04/20/2012 04:54 EDT | Updated 06/20/2012 05:12 EDT

The Best Advice You Can Give Grieving Parents Is None

I am pushing a grocery cart with my three noisy daughters through the canned pop section of Wal-mart. I feel like the monkeys have been let out of the zoo and have instead found a temporary home in the cage of my cart. While trying to maintain a semblance of decorum, I bend down to adjust the box of grape canned pop on the bottom wire rack.

When I straighten, I see her. An old acquaintance from a few years back. She is pushing past me with her own teenage daughter in tow, looking to be in a hurry and not appearing at all interested in chatting. I duck again to check on things below my cart then catch her eye just as she passes me on the end of another aisle.

"Hey there," I call out, trying to catch her attention, yet still hoping for a quick getaway. "How are things?"

"Oh, um...well; we're just, er...we're getting a few things," she says.

Eyes dart, hands flutter. She wants to avoid me.

I can tell this is so, yet I am surprised that she is so uncomfortable seeing me. Truth be told, I want to avoid her too, as this is a delay in the busy shopping schedule. It has been a long day. I'm tired, but still I push a cart with two little monkeys in it, and one older walking beside. The three of them are hungry, thirsty and weighing my cart down with the sheer heaviness of their spastic energy. I try to avoid looking at my children, while I smile widely at her. I hope for a quick response, and then I'll be on my way.

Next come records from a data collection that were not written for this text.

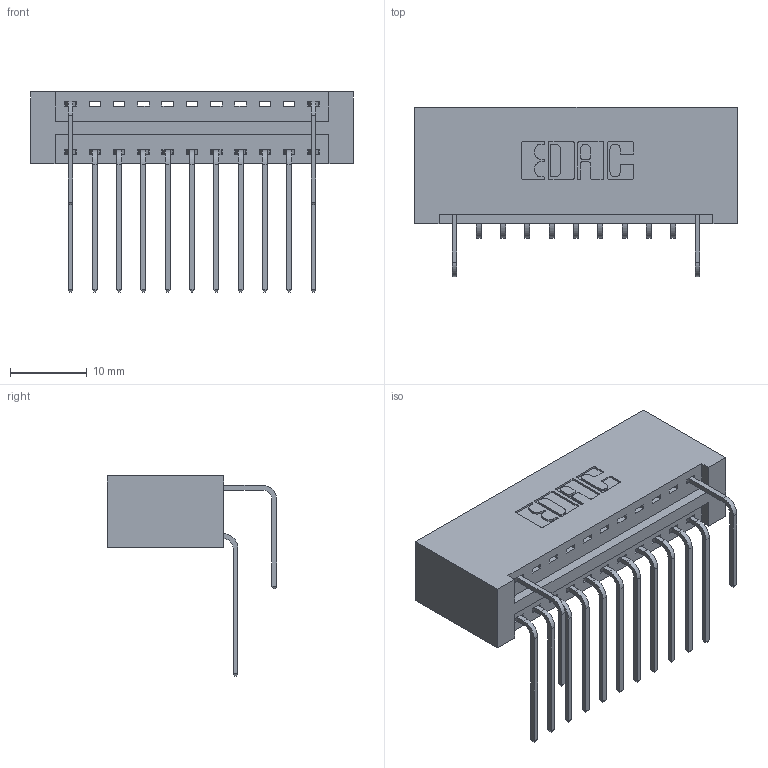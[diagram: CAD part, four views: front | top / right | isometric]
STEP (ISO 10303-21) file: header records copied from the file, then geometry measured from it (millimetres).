
FILE_DESCRIPTION (( 'STEP AP203' ), '1' );
FILE_NAME ('346-022-558-201.STEP', '2018-08-21T01:02:17', ( '' ), ( '' ), 'SwSTEP 2.0', 'SolidWorks 2016', '' );
FILE_SCHEMA (( 'CONFIG_CONTROL_DESIGN' ));
Length unit declared in the file: inch
Products named in the file (4): 345-292-001_558 559 Tail - 1; 345-292-001_558 Tail - 2; 346-022-558-201; 346 Part_No Mounting Lugs
Assembly tree (14 placements, depth 2):
  346-022-558-201
    346 Part_No Mounting Lugs
    345-292-001_558 559 Tail - 1  x11
    345-292-001_558 Tail - 2  x2
Bounding box: 42.16 x 22.16 x 26.16 mm (x, y, z)
Volume: 4438 mm3; surface area: 5669 mm2
Topology: 14 solids, 14 shells, 870 faces, 2587 edges, 1706 vertices
Faces by surface type: plane 598, cylinder 272
Entity records: 12571 total; most frequent: CARTESIAN_POINT 2202, ORIENTED_EDGE 2094, DIRECTION 1949, EDGE_CURVE 1047, LINE 839, VECTOR 839, VERTEX_POINT 694, AXIS2_PLACEMENT_3D 555
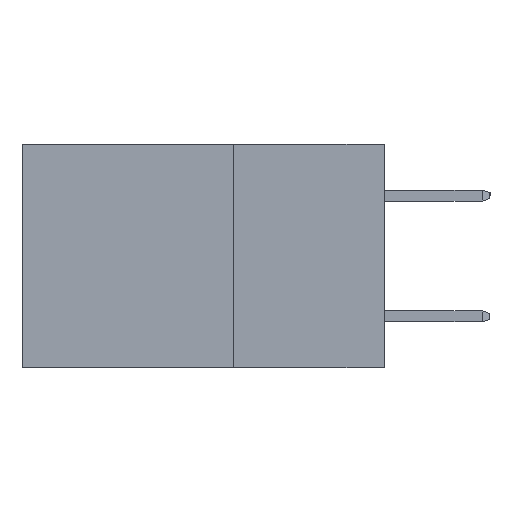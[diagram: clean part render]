
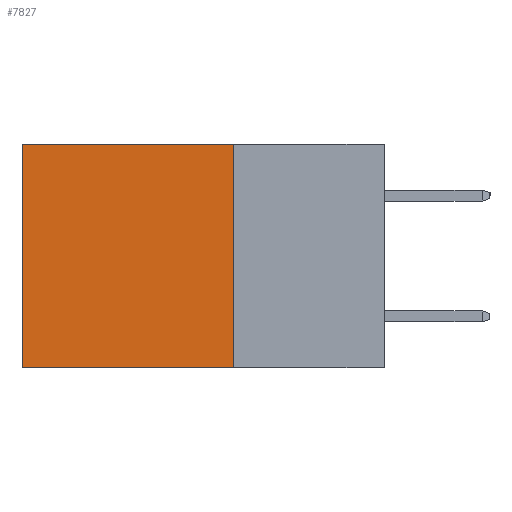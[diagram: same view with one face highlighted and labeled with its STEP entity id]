
A CAD part, left-side view. The second image highlights one B-rep face of the part: STEP entity #7827.
In plain terms, the highlighted planar face has unit normal (-1, 0, 0).
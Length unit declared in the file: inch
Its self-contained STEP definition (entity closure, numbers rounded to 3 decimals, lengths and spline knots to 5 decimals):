
#541 = VECTOR ( 'NONE', #6276, 39.37008 ) ;
#549 = CARTESIAN_POINT ( 'NONE',  ( 0.2615, 0.25, -0.37 ) ) ;
#637 = VERTEX_POINT ( 'NONE', #14362 ) ;
#1221 = VERTEX_POINT ( 'NONE', #3086 ) ;
#1409 = LINE ( 'NONE', #11494, #1584 ) ;
#1584 = VECTOR ( 'NONE', #2761, 39.37008 ) ;
#1722 = AXIS2_PLACEMENT_3D ( 'NONE', #14003, #3047, #11339 ) ;
#1917 = CARTESIAN_POINT ( 'NONE',  ( 0.2615, 0.6, 0. ) ) ;
#2754 = ORIENTED_EDGE ( 'NONE', *, *, #12597, .F. ) ;
#2761 = DIRECTION ( 'NONE',  ( 0., 0., -1. ) ) ;
#3027 = EDGE_LOOP ( 'NONE', ( #10962, #6951, #2754, #10366 ) ) ;
#3047 = DIRECTION ( 'NONE',  ( 1., 0., 0. ) ) ;
#3086 = CARTESIAN_POINT ( 'NONE',  ( 0.2615, 0.25, 0. ) ) ;
#3855 = VECTOR ( 'NONE', #7475, 39.37008 ) ;
#4881 = FACE_OUTER_BOUND ( 'NONE', #3027, .T. ) ;
#5173 = EDGE_CURVE ( 'NONE', #9083, #7657, #5642, .T. ) ;
#5642 = LINE ( 'NONE', #9201, #6374 ) ;
#6276 = DIRECTION ( 'NONE',  ( 0., 1., 0. ) ) ;
#6352 = LINE ( 'NONE', #549, #541 ) ;
#6374 = VECTOR ( 'NONE', #9130, 39.37008 ) ;
#6568 = EDGE_CURVE ( 'NONE', #1221, #9083, #11397, .T. ) ;
#6951 = ORIENTED_EDGE ( 'NONE', *, *, #13438, .F. ) ;
#7475 = DIRECTION ( 'NONE',  ( 0., 1., 0. ) ) ;
#7657 = VERTEX_POINT ( 'NONE', #10856 ) ;
#7827 = ADVANCED_FACE ( 'NONE', ( #4881 ), #9564, .F. ) ;
#9083 = VERTEX_POINT ( 'NONE', #1917 ) ;
#9130 = DIRECTION ( 'NONE',  ( 0., 0., -1. ) ) ;
#9201 = CARTESIAN_POINT ( 'NONE',  ( 0.2615, 0.6, -0.37 ) ) ;
#9564 = PLANE ( 'NONE',  #1722 ) ;
#10366 = ORIENTED_EDGE ( 'NONE', *, *, #6568, .T. ) ;
#10856 = CARTESIAN_POINT ( 'NONE',  ( 0.2615, 0.6, -0.37 ) ) ;
#10962 = ORIENTED_EDGE ( 'NONE', *, *, #5173, .T. ) ;
#11339 = DIRECTION ( 'NONE',  ( 0., 0., -1. ) ) ;
#11397 = LINE ( 'NONE', #12442, #3855 ) ;
#11494 = CARTESIAN_POINT ( 'NONE',  ( 0.2615, 0.25, -0.37 ) ) ;
#12442 = CARTESIAN_POINT ( 'NONE',  ( 0.2615, 0.25, 0. ) ) ;
#12597 = EDGE_CURVE ( 'NONE', #1221, #637, #1409, .T. ) ;
#13438 = EDGE_CURVE ( 'NONE', #637, #7657, #6352, .T. ) ;
#14003 = CARTESIAN_POINT ( 'NONE',  ( 0.2615, 0.25, -0.37 ) ) ;
#14362 = CARTESIAN_POINT ( 'NONE',  ( 0.2615, 0.25, -0.37 ) ) ;
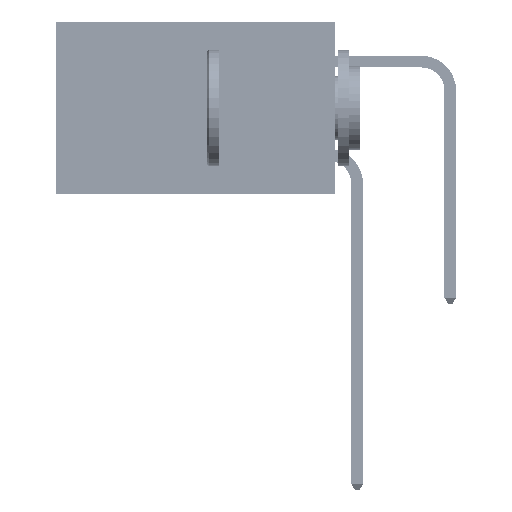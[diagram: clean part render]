
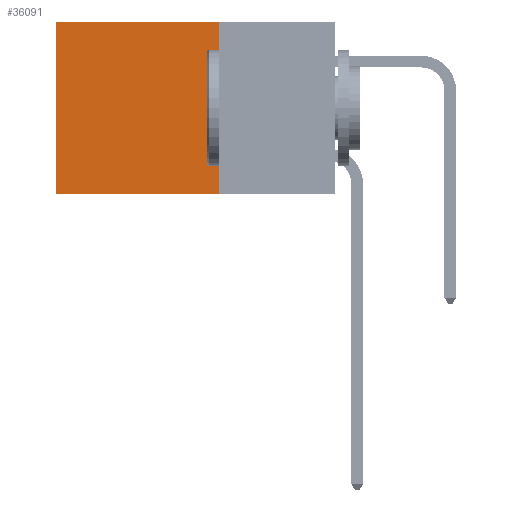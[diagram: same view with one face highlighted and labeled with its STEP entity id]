
A CAD part, left-side view. The second image highlights one B-rep face of the part: STEP entity #36091.
In plain terms, the highlighted planar face has unit normal (-1, 0, 0).
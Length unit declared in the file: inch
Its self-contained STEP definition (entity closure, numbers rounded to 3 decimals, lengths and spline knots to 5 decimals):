
#1126 = VERTEX_POINT ( 'NONE', #40922 ) ;
#2033 = CARTESIAN_POINT ( 'NONE',  ( 0.2875, 0.6, 0. ) ) ;
#6053 = DIRECTION ( 'NONE',  ( 0., 1., 0. ) ) ;
#6076 = VECTOR ( 'NONE', #30010, 39.37008 ) ;
#6293 = CARTESIAN_POINT ( 'NONE',  ( 0.2875, 0.6, 0. ) ) ;
#7032 = VECTOR ( 'NONE', #6053, 39.37008 ) ;
#8630 = LINE ( 'NONE', #38023, #6076 ) ;
#9177 = ORIENTED_EDGE ( 'NONE', *, *, #27749, .F. ) ;
#10132 = CARTESIAN_POINT ( 'NONE',  ( 0.2875, 0.25, 0. ) ) ;
#10396 = DIRECTION ( 'NONE',  ( 0., 0., -1. ) ) ;
#12129 = VECTOR ( 'NONE', #10396, 39.37008 ) ;
#19356 = VERTEX_POINT ( 'NONE', #33733 ) ;
#23291 = DIRECTION ( 'NONE',  ( 1., 0., 0. ) ) ;
#24941 = EDGE_CURVE ( 'NONE', #1126, #45047, #8630, .T. ) ;
#25034 = DIRECTION ( 'NONE',  ( 0., 0., -1. ) ) ;
#26326 = ORIENTED_EDGE ( 'NONE', *, *, #47370, .T. ) ;
#27749 = EDGE_CURVE ( 'NONE', #19356, #1126, #45316, .T. ) ;
#27760 = ORIENTED_EDGE ( 'NONE', *, *, #27991, .T. ) ;
#27991 = EDGE_CURVE ( 'NONE', #34460, #45047, #45938, .T. ) ;
#30010 = DIRECTION ( 'NONE',  ( 0., 1., 0. ) ) ;
#30753 = FACE_OUTER_BOUND ( 'NONE', #42146, .T. ) ;
#33733 = CARTESIAN_POINT ( 'NONE',  ( 0.2875, 0.25, 0. ) ) ;
#34460 = VERTEX_POINT ( 'NONE', #2033 ) ;
#36091 = ADVANCED_FACE ( 'NONE', ( #30753 ), #43614, .F. ) ;
#38023 = CARTESIAN_POINT ( 'NONE',  ( 0.2875, 0.25, -0.37 ) ) ;
#40824 = AXIS2_PLACEMENT_3D ( 'NONE', #47756, #23291, #51847 ) ;
#40827 = LINE ( 'NONE', #10132, #7032 ) ;
#40922 = CARTESIAN_POINT ( 'NONE',  ( 0.2875, 0.25, -0.37 ) ) ;
#42146 = EDGE_LOOP ( 'NONE', ( #27760, #42904, #9177, #26326 ) ) ;
#42904 = ORIENTED_EDGE ( 'NONE', *, *, #24941, .F. ) ;
#43614 = PLANE ( 'NONE',  #40824 ) ;
#44028 = VECTOR ( 'NONE', #25034, 39.37008 ) ;
#45047 = VERTEX_POINT ( 'NONE', #50839 ) ;
#45316 = LINE ( 'NONE', #45548, #44028 ) ;
#45548 = CARTESIAN_POINT ( 'NONE',  ( 0.2875, 0.25, 0. ) ) ;
#45938 = LINE ( 'NONE', #6293, #12129 ) ;
#47370 = EDGE_CURVE ( 'NONE', #19356, #34460, #40827, .T. ) ;
#47756 = CARTESIAN_POINT ( 'NONE',  ( 0.2875, 0.25, 0. ) ) ;
#50839 = CARTESIAN_POINT ( 'NONE',  ( 0.2875, 0.6, -0.37 ) ) ;
#51847 = DIRECTION ( 'NONE',  ( 0., 0., -1. ) ) ;

"How are the kids?" I ask. She gives an answer. Or two. Both are short and vague. I know she wants this conversation to be over, but I just can't help myself. I pointedly ask her one other:

"How are you doing?"

For the first time, she looks into my eyes, and I can now see the pain that lies in pools behind the trite answers and abrupt responses of moments ago. She looks with eyes that are pleading for me to stop now and run, or prepare for the worst.

I stand my ground. A river pours out from her soul.

Her little boy would have been almost two. The anniversary of his birthday is just a few short days away, she says. The loss is still all too real. The pain has subsided enough so that she can talk about it in short spurts without crying. She has so many questions, and there are so many unknowns. He was a full-term baby. He should never have died. Not in this day and age, with the advances in medicine.

As I listen, I feel a loss of control over my own sense of reason. I have no answers, no responses that befit the magnitude of her grief. I can only listen, and even then I feel so inadequate. How can I, a mother of four healthy, vibrant children, help another mother deal with the death of a full-term baby boy? And do so in the grocery aisle of Walmart, nonetheless.

As she talks, I think about my purpose and that a higher power must have planned for me to be right here, right now in this very spot, because I can see that she is clinging to this conversation we are having as if it were a lifeline. We were meant to speak. I have no answers, and I certainly have never been through this private hell; and yet, I can offer her an empathic ear to listen and give my own mother's heart over to share her pain, if for but a moment.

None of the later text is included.